And it works! But I still have some question:

1- These files, 

/usr/local/etc/openldap/ldap.conf
/usr/local/etc/ldap.conf
/usr/local/etc/nss_ldap.conf

have almost the same information, is it necessary to have the same info in these files?

2- If I stop LDAP server, then I can't start it again. To do that I need to comment the configuration in /usr/local/etc/nss_ldap.conf. Is there another way to start it again?
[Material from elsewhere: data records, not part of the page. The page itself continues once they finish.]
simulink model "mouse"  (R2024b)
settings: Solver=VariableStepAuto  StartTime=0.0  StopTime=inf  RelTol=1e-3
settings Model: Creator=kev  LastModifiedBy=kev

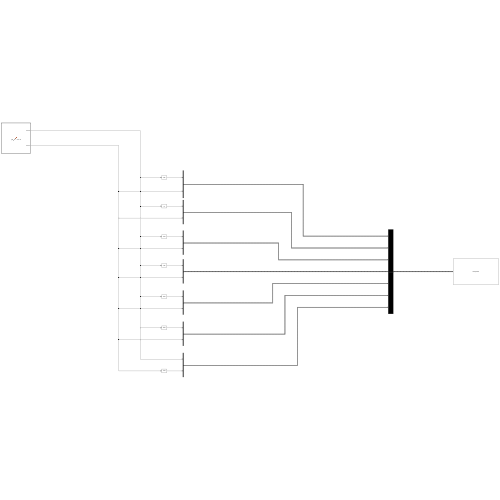
[thumbnail: Simulink's stored preview of the top-level diagram]
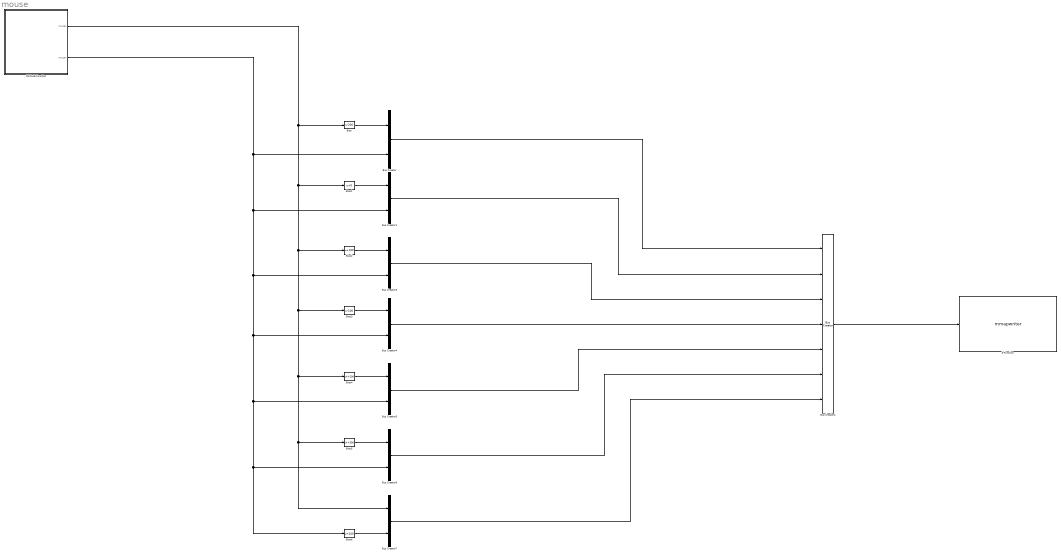
== system mouse ==
  Bias : Bias  Bias=-200  SaturateOnIntegerOverflow=off
  Bias1 : Bias  SaturateOnIntegerOverflow=off
  Bias2 : Bias  Bias=100  SaturateOnIntegerOverflow=off
  Bias3 : Bias  Bias=-100  SaturateOnIntegerOverflow=off
  Bias4 : Bias  Bias=+200  SaturateOnIntegerOverflow=off
  Bias5 : Bias  Bias=+300  SaturateOnIntegerOverflow=off
  Bias6 : Bias  Bias=100  SaturateOnIntegerOverflow=off
  Bus Creator{,1,3..7} (7 alike) : BusCreator  Inputs=2  OutDataTypeStr=Bus: MouseBus  NonVirtualBus=on
      settings: InheritFromInputs=off
  Bus Creator2 : BusCreator  Inputs=7  OutDataTypeStr=Bus: FullBus  NonVirtualBus=on
      settings: InheritFromInputs=off
  MATLAB Function : MATLAB Function  TreatAsAtomicUnit=on
  S-Function : S-Function  FunctionName=mmapwriter  Parameters=FullBus, 'Testing'  SFunctionDeploymentMode=off  EnableBusSupport=off
  wires:
  Bias/1 -> Bus Creator/1
  Bias1/1 -> Bus Creator1/1
  Bus Creator/1 -> Bus Creator2/1
  Bus Creator2/1 -> S-Function/1
  Bus Creator1/1 -> Bus Creator2/2
  Bias2/1 -> Bus Creator3/1
  Bias3/1 -> Bus Creator4/1
  Bus Creator4/1 -> Bus Creator2/4
  Bias4/1 -> Bus Creator5/1
  Bias5/1 -> Bus Creator6/1
  Bus Creator6/1 -> Bus Creator2/6
  Bus Creator7/1 -> Bus Creator2/7
  MATLAB Function/2(mouseY) -> Bias6/1, Bus Creator6/2, Bus Creator5/2, Bus Creator4/2, Bus Creator3/2, Bus Creator1/2, Bus Creator/2
  MATLAB Function/1(mouseX) -> Bus Creator7/1, Bias5/1, Bias4/1, Bias3/1, Bias2/1, Bias1/1, Bias/1
  Bias6/1 -> Bus Creator7/2
  Bus Creator3/1 -> Bus Creator2/3
  Bus Creator5/1 -> Bus Creator2/5

== matlab function mouse/MATLAB Function ==
  data: mouseX output; mouseY output
function [mouseX, mouseY] = get_mouse_info()
    coder.extrinsic('GetMouse');
    screen_nr = 0;
    mouse_nr = 0;

    mouseX = double(0);
    mouseY = double(0);
    
    [mouseX, mouseY] = GetMouse(screen_nr, mouse_nr);   

end
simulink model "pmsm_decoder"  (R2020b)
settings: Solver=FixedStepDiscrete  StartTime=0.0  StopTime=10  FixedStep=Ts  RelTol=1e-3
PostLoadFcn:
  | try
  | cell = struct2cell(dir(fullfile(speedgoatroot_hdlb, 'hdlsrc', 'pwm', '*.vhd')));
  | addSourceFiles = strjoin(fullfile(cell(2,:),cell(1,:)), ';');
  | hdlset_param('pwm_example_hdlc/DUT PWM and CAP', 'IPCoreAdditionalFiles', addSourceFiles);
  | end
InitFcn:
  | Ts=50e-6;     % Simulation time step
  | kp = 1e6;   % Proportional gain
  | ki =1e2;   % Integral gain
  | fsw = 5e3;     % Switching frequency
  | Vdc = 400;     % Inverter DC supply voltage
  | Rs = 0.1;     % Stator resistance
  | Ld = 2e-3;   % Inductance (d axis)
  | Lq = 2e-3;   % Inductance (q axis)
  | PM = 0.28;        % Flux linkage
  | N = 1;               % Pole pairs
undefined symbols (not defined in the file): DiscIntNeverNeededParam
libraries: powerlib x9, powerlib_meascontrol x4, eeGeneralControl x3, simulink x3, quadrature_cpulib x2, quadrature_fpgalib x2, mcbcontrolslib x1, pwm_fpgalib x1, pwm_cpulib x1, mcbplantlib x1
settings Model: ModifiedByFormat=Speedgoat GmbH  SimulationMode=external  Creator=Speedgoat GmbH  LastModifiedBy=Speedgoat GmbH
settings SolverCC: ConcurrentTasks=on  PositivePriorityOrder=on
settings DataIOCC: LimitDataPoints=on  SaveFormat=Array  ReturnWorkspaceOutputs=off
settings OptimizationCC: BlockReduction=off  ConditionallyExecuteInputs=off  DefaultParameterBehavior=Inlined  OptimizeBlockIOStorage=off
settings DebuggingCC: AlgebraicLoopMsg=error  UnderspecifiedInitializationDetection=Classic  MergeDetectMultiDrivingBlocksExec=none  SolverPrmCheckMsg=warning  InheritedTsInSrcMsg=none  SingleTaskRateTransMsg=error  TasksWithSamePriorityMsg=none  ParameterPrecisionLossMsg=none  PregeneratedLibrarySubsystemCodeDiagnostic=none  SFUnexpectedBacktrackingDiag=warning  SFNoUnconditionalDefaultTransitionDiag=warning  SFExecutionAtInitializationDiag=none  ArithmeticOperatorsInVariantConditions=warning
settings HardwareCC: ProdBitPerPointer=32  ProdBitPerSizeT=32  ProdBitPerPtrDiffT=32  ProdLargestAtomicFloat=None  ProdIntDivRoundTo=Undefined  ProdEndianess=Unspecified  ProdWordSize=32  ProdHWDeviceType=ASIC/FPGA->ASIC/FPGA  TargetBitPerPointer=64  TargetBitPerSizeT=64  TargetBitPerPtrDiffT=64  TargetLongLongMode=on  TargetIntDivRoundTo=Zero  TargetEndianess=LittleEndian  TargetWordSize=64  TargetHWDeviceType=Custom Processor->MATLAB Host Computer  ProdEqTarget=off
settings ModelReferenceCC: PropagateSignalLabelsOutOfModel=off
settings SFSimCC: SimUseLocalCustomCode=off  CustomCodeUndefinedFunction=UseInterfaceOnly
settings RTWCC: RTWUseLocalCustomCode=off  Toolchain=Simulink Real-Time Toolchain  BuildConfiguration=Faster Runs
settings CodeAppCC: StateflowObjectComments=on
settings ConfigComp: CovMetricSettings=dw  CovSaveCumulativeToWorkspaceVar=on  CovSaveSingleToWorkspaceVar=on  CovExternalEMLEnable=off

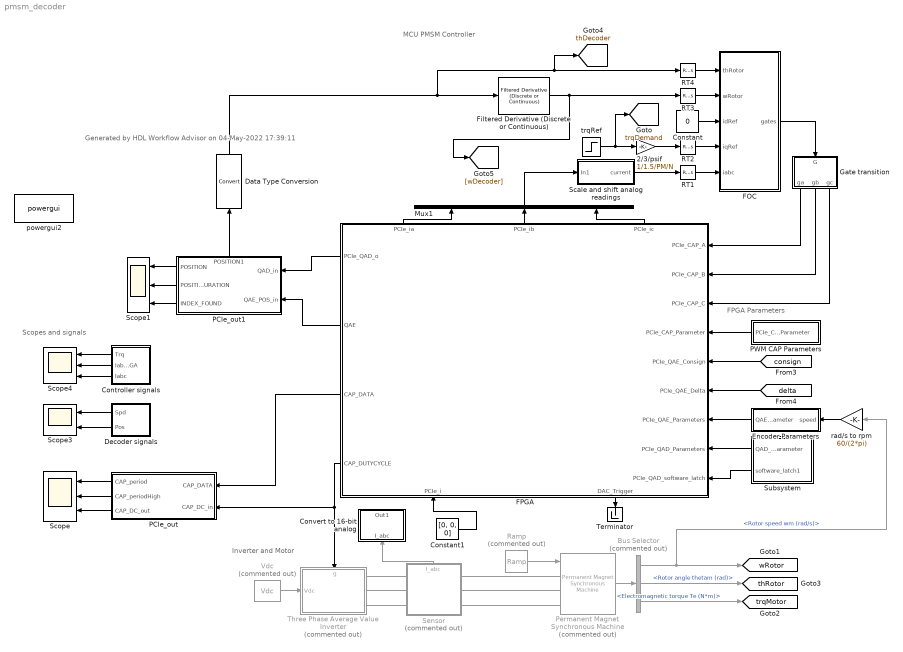
== system pmsm_decoder ==
  note: Inverter and Motor
  note: FPGA Parameters
  note: Scopes and signals
  note: MCU PMSM Controller
  note: Generated by HDL Workflow Advisor on 04-May-2022 17:39:11
  2/3/psif : Gain  Gain=1/1.5/PM/N  SaturateOnIntegerOverflow=on  OutDataTypeStr=Inherit: Same as input  ParamDataTypeStr=Inherit: Same as input
  Bus Selector : BusSelector  Commented=on  OutputSignals=Rotor speed wm (rad/s),Rotor angle thetam (rad),Electromagnetic torque Te (N*m)
  Constant : Constant  Value=0  SampleTime=-1
  Constant1 : Constant  Value=[0, 0, 0]  OutDataTypeStr=int16  SampleTime=-1
  Controller signals : Subsystem
  Convert to 16-bit analog : Subsystem
  Data Type Conversion : DataTypeConversion
  Decoder signals : Subsystem
  Encoder Parameters : Subsystem
  FOC : Subsystem
  FPGA : Subsystem
      settings: PortSchema="{\"entries\":[{\"content\":{\"sides\":[{\"content\":{\"connectorIds\":[\"Out5\",\"Out6\",\"Out7\",\"Out8\"]},\"type\":\"ConnectorPlacement.EquallySpacedRectSide\",\"uuid\":\"34ddc533-e92e-4f84-ab54-56ee31c34ed5\"},{\"content\":{\"connectorIds\":[\"In2\",\"In3\",\"In4\",\"In5\",\"In6\",\"In7\",\"In8\",\"In9\",\"In10\"],\"side\":\"RIGHT\"},\"type\":\"ConnectorPlacement.EquallySpacedRectSide\",\"uuid\":\"fc43732f-8b85-47c9-af73-b87840a05fb5\"},{\"content\":{\"connectorIds\":[\"Out2\",\"Out3\",\"Out4\"],\"side\":\"TOP\"},\"type\":\"ConnectorPlacement.EquallySpacedRectSide\",\"uuid\":\"bf663b9c-33b6-4726-afdb-56df835214b8\"},{\"content\":{\"connectorIds\":[\"In1\",\"Out1\"],\"side\":\"BOTTOM\"},\"type\":\"ConnectorPlacement.EquallySpacedRectSide\",\"uuid\":\"04fbffa8-14ef-4425-a219-a420a37a7cbf\"},{\"content\":{\"connectorIds\":[],\"side\":\"HIDDEN\"},\"type\":\"ConnectorPlacement.EquallySpacedRectSide\",\"uuid\":\"ed9b2637-afe7-435a-b994-99eac90c9c32\"}]},\"type\":\"ConnectorPlacement.EquallySpacedConnector\",\"uuid\":\"b4b9272a-3f4d-4e79-a573-4a3ad4933ba9\"}],\"packageUris\":[\"http://schema.mathworks.com/mf0/Connector/R2020b\"],\"version\":\"1.0\"}"
  Filtered Derivative (Discrete or Continuous) : eeGeneralControl/Filtered Derivative (Discrete or Continuous)  K=1  T=0.001  B=inf  A=-inf  minRatio=10  init_option=Inherited from block input  x0=0  Ts=-1
      settings: SourceProductBaseCode=PS
  Gate transition : Subsystem
  Mux1 : Mux  Inputs=3
  PCIe_out : Subsystem
  PCIe_out1 : Subsystem
      settings: PortSchema="{\"entries\":[{\"content\":{\"sides\":[{\"content\":{\"connectorIds\":[\"In1\",\"In2\"]},\"type\":\"ConnectorPlacement.EquallySpacedRectSide\",\"uuid\":\"af69b108-ebc1-4eba-857b-579d7c2071b1\"},{\"content\":{\"connectorIds\":[\"Out1\",\"Out2\",\"Out3\"],\"side\":\"RIGHT\"},\"type\":\"ConnectorPlacement.EquallySpacedRectSide\",\"uuid\":\"109121c9-5293-4b78-b0df-8505743611a0\"},{\"content\":{\"connectorIds\":[\"Out4\"],\"side\":\"TOP\"},\"type\":\"ConnectorPlacement.EquallySpacedRectSide\",\"uuid\":\"7680958f-0bbc-4169-a54e-ff3c19fd2e64\"},{\"content\":{\"connectorIds\":[],\"side\":\"HIDDEN\"},\"type\":\"ConnectorPlacement.EquallySpacedRectSide\",\"uuid\":\"af8ad87e-ac41-49e8-9442-a6b24975ced8\"}]},\"type\":\"ConnectorPlacement.EquallySpacedConnector\",\"uuid\":\"27b07649-0e95-47d8-9bc5-7790ead06fb5\"}],\"packageUris\":[\"http://schema.mathworks.com/mf0/Connector/R2020b\"],\"version\":\"1.0\"}"
  PWM CAP Parameters : Subsystem
  Permanent Magnet Synchronous Machine : powerlib/Machines/Permanent Magnet Synchronous Machine  Commented=on  NbPhases=3  FluxDistribution=Sinusoidal  RotorType=Salient-pole  MechanicalLoad=Speed w  PresetModel=No  ShowDetailedParameters=on  MeasurementBus=off  Resistance=Rs  Inductance=8.5e-3  dqInductances=[Ld Lq]  La=0.000395  MachineConstant=Flux linkage established by magnets (V.s)  Flux=PM  VoltageCst=50.7864  TorqueCst=0.42  Flat=120  Mechanical=[0.0027 0.0004924 1 0]  PolePairs=N  InitialConditions=[0,0, 0,0]  InitialConditions5ph=[0 0 0 0 0 0]  RefAngle=Aligned with phase A axis (original Park)  IterativeDiscreteModel=Trapezoidal non iterative  TsBlock=-1  TsPowergui=0
  RT{1..4} (4 alike) : RateTransition  OutPortSampleTimeOpt=Inherit  OutPortSampleTime=Ts
  Ramp : simulink/Sources/Ramp  Commented=on  slope=100/2/60*2*pi  start=0  InitialOutput=0
  Scale and shift analog readings : Subsystem
  Scope : Scope  NumInputPorts=3
  Scope1 : Scope  NumInputPorts=3
  Scope3 : Scope  NumInputPorts=2
  Scope4 : Scope  NumInputPorts=3
  Sensor : Subsystem  Commented=on
      settings: PortSchema="{\"entries\":[{\"content\":{\"sides\":[{\"content\":{\"connectorIds\":[\"LConn1\",\"LConn2\",\"LConn3\"]},\"type\":\"ConnectorPlacement.EquallySpacedRectSide\",\"uuid\":\"d3673cf9-f798-4f95-832a-0ee38b3b4235\"},{\"content\":{\"connectorIds\":[\"RConn1\",\"RConn2\",\"RConn3\"],\"side\":\"RIGHT\"},\"type\":\"ConnectorPlacement.EquallySpacedRectSide\",\"uuid\":\"f1c3e6c7-7356-4e8b-bcca-414f2c82a0be\"},{\"content\":{\"connectorIds\":[\"Out1\"],\"side\":\"TOP\"},\"type\":\"ConnectorPlacement.EquallySpacedRectSide\",\"uuid\":\"10e31bf8-a182-46d8-beca-1ec9bb9081e0\"},{\"content\":{\"connectorIds\":[],\"side\":\"HIDDEN\"},\"type\":\"ConnectorPlacement.EquallySpacedRectSide\",\"uuid\":\"21150a95-24d3-4ba1-92b8-5619804d049c\"}]},\"type\":\"ConnectorPlacement.EquallySpacedConnector\",\"uuid\":\"db0d9e3c-2d98-4024-a8e1-7fc9e86b9a02\"}],\"packageUris\":[\"http://schema.mathworks.com/mf0/Connector/R2020b\"],\"version\":\"1.0\"}"
  Subsystem : Subsystem
  Terminator : Terminator
  Three Phase Average Value Inverter : Subsystem  Commented=on
      settings: PortSchema="{\"entries\":[{\"content\":{\"sides\":[{\"content\":{\"connectorIds\":[\"In1\"]},\"type\":\"ConnectorPlacement.EquallySpacedRectSide\",\"uuid\":\"bfacb710-2d3a-4e7b-9063-25c8b87226b9\"},{\"content\":{\"connectorIds\":[\"RConn1\",\"RConn2\",\"RConn3\"],\"side\":\"RIGHT\"},\"type\":\"ConnectorPlacement.EquallySpacedRectSide\",\"uuid\":\"a8d38f79-eb95-4afe-ba2f-2842c1cba801\"},{\"content\":{\"connectorIds\":[\"In2\"],\"side\":\"TOP\"},\"type\":\"ConnectorPlacement.EquallySpacedRectSide\",\"uuid\":\"291d9d52-08e6-4456-8afe-095013b7df64\"},{\"content\":{\"connectorIds\":[],\"side\":\"HIDDEN\"},\"type\":\"ConnectorPlacement.EquallySpacedRectSide\",\"uuid\":\"61aa80b0-9b99-474b-ab67-e014373e5595\"}]},\"type\":\"ConnectorPlacement.EquallySpacedConnector\",\"uuid\":\"1232c420-125a-43af-99e1-be04cd6c95a4\"}],\"packageUris\":[\"http://schema.mathworks.com/mf0/Connector/R2020b\"],\"version\":\"1.0\"}"
  Vdc : Constant  Commented=on  Value=Vdc  SampleTime=Ts
  powergui2 : powerlib/powergui  Priority=1  SimulationMode=Discrete  SampleTime=Ts  frequency=60  Iterations=50  frequencyindice=0  Pbase=100e6  ErrMax=1e-4  UnitsV=kV  UnitsW=MW  buscounter=0  FunctionMessages=off  echomessages=off  EnableUseOfTLC=off  CurrentSourceSwitches=off  DisableSnubberDevices=off  DisableRonSwitches=off  DisableVfSwitches=off  DisplayEquations=off  AutomaticDiscreteSolvers=off  SolverType=Tustin/Backward Euler (TBE)  Interpol=off  ExternalGateDelay=off  methode=off  Ts=100  x0status=blocks  SPID=on  SwTol=0  HookPort=off  NonlinearTolerance=1e-4  nMaxIteration=100  ContinueOnMaxIteration=off  RestoreLinks=warning  ResistiveCurrentMeasurement=off  Frange=[0:2:500]  Ylog=off  Xlog=on  ShowGrid=off  save=off  variable=ZData  structure=0  ZoomFFT=off  StartTime=0.0  cycles=1  DisplayStyle=1  fundamental=60  FreqAxis=off  MaxFrequency=1000  frequencyindicesteady=1  RmsSteady=1  display=off
  rad/s to rpm : Gain  Gain=60/(2*pi)
  trqRef : Step  Time=0.3  After=300  SampleTime=Ts
  tag scope: thDecoder=global, thRotor=global, trqDemand=global, trqMotor=global, wRotor=global
  wires:
  Scale and shift analog readings/1(current) -> RT1/1
  Mux1/1 -> Scale and shift analog readings/1(In1)
  Gate transition/3(gc) -> FPGA/4(PCIe_CAP_C)
  Gate transition/2(gb) -> FPGA/3(PCIe_CAP_B)
  Gate transition/1(ga) -> FPGA/2(PCIe_CAP_A)
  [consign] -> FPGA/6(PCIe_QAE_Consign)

3- What about certificate? Don't have clients to accept the public key from LDAP server?


----------



## gilinko (Jul 2, 2010)

hector said:
			
		

> 1- These files,
> 
> /usr/local/etc/openldap/ldap.conf
> /usr/local/etc/ldap.conf
> ...



1. 
/usr/local/etc/openldap/ldap.conf is for the openldap client and it's libraries and all that software that include openldap someway. Do not remove this file. The other two is for different packages (pam_ldap and nss_ldap), and although they do contain the same I would still recommend to keep them separate.

2.
Yes, you can. But only if you login as a user that exists in /etc/passwd (like root). If the LDAP server is stopped no user that only exists in LDAP is able to do anything. It is an all or nothing situation, and why would you need to stop the LDAP server at all?

3.
No, clients "only" has to choose wither to trust the certificate, and that's what the "TLS_REQCERT     never" part in ldap.conf tells the clients to just trust the certificate and not verify it against any verified CA's.


----------



## hector (Jul 3, 2010)

In question 2 I meant if I'm logged as a root and I stop the LDAP server, then I start LDAP server takes to loong (I thought I could not start it again: sorry)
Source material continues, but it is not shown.